As of the evening of Nov. 26, the variant has so far been detected in South Africa, Israel, Hong Kong, Belgium and the Netherlands. (Dutch state broadcaster NOS reported that in one sample of passengers from two quarantined flights out of South Africa, nearly 14% tested positive for some version of the coronavirus.)

Media reports indicated that the case in Belgium was an unvaccinated person who had traveled from Egypt -- but one Israeli case was reported to be someone who'd had three doses of vaccine, the last one just two months ago.

What is a Variant of Concern?

The WHO has four levels of classification for COVID variants, in ascending order:

  • Variant Being Monitored
  • Variant of Interest
  • Variant of Concern
  • Variant of High Consequence

The CDC defines a variant of concern as: "A variant for which there is evidence of an increase in transmissibility, more severe disease (e.g., increased hospitalizations or deaths), significant reduction in neutralization by antibodies generated during previous infection or vaccination, reduced effectiveness of treatments or vaccines, or diagnostic detection failures."

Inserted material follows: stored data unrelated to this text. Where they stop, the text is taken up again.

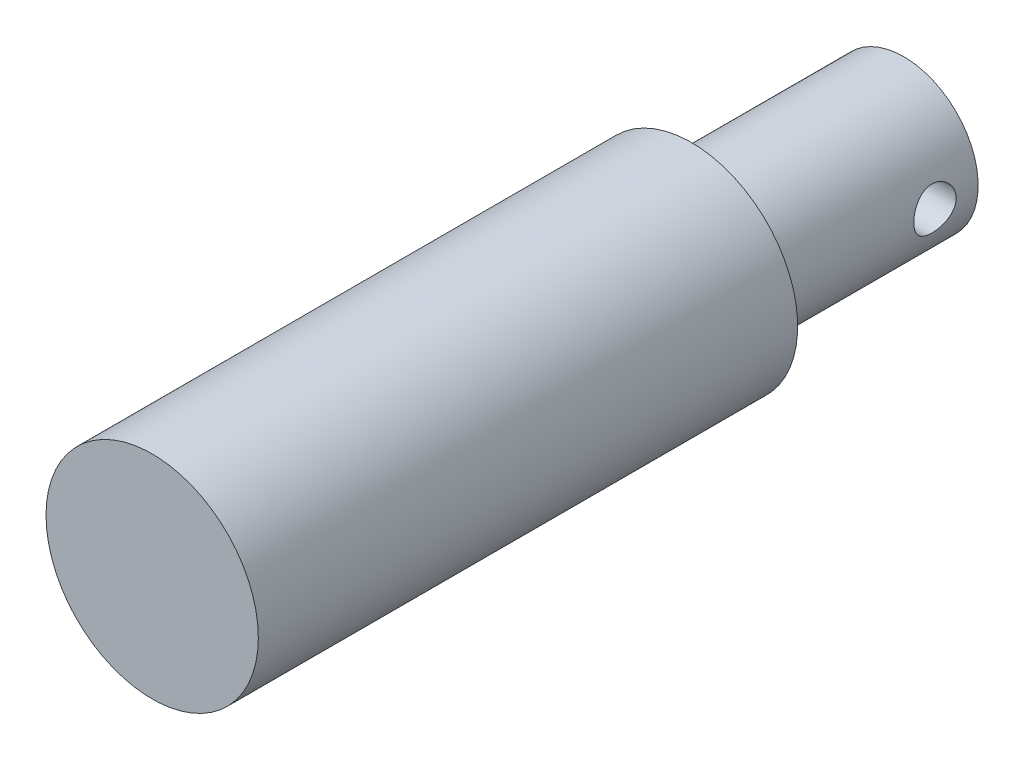
from build123d import *

# Parameters (mm, degrees)
SKETCH1_R               = 5
BOSS_EXTRUDE1_DEPTH     = 35.4
SKETCH2_R               = 1
CUT_EXTRUDE1_DEPTH      = 6
CUT_EXTRUDE1_DEPTH_BACK = 6
SKETCH3_OUTSIDE_W       = 19.624
SKETCH3_OUTSIDE_H       = 19.624
SKETCH3_OUTSIDE_R       = 3.5
CUT_EXTRUDE2_DEPTH      = 10


with BuildPart() as part:
    # Sketch1 → Boss-Extrude1 (new body)
    with BuildSketch(Plane.XY):
        Circle(SKETCH1_R)
    extrude(amount=BOSS_EXTRUDE1_DEPTH)

    # Sketch2 → Cut-Extrude1 (cut, two sides)
    with BuildSketch(Plane(origin=(0, 0, 0), x_dir=(0, 0, -1), z_dir=(1, 0, 0))) as cut_extrude1_sk:
        with Locations((-2.031417136, 0)):
            Circle(SKETCH2_R)
    extrude(amount=CUT_EXTRUDE1_DEPTH, mode=Mode.SUBTRACT)
    extrude(cut_extrude1_sk.sketch, amount=-CUT_EXTRUDE1_DEPTH_BACK, mode=Mode.SUBTRACT)

    # Sketch3 outside → Cut-Extrude2 (cut)
    with BuildSketch(Plane(origin=(0, 0, 0), x_dir=(-1, 0, 0), z_dir=(0, 0, -1))):
        Rectangle(SKETCH3_OUTSIDE_W, SKETCH3_OUTSIDE_H)
        Circle(SKETCH3_OUTSIDE_R, mode=Mode.SUBTRACT)
    extrude(amount=-CUT_EXTRUDE2_DEPTH, mode=Mode.SUBTRACT)


solid = part.part

The Delta variant, for example, which caused a surge in infections in the United States over the summer, was a variant of concern (sometimes called a VOC).

What is the response to the Omicron variant?

Less than 48 hours after the world found out about B.1.1.529, now known as Omicron, most major governments instituted travel bans to and from southern Africa.

The Omicron variant has not been seen in the United States yet, but federal and state authorities say they are actively looking for it.

Both Pfizer and Moderna have said that if in fact the variant is more resistant to their vaccines than past strains, they could develop and ship a modified vaccine within about 100 days.

Mark Levine, the chair of the New York City Council's Health Committee and the incoming Manhattan Borough President, on Friday called for the immediate reimposition of restrictions in the city.

Meanwhile, New York Gov. Kathy Hochul declared a state of emergency and said that while Omicron hasn't been detected in the state yet, "It's coming."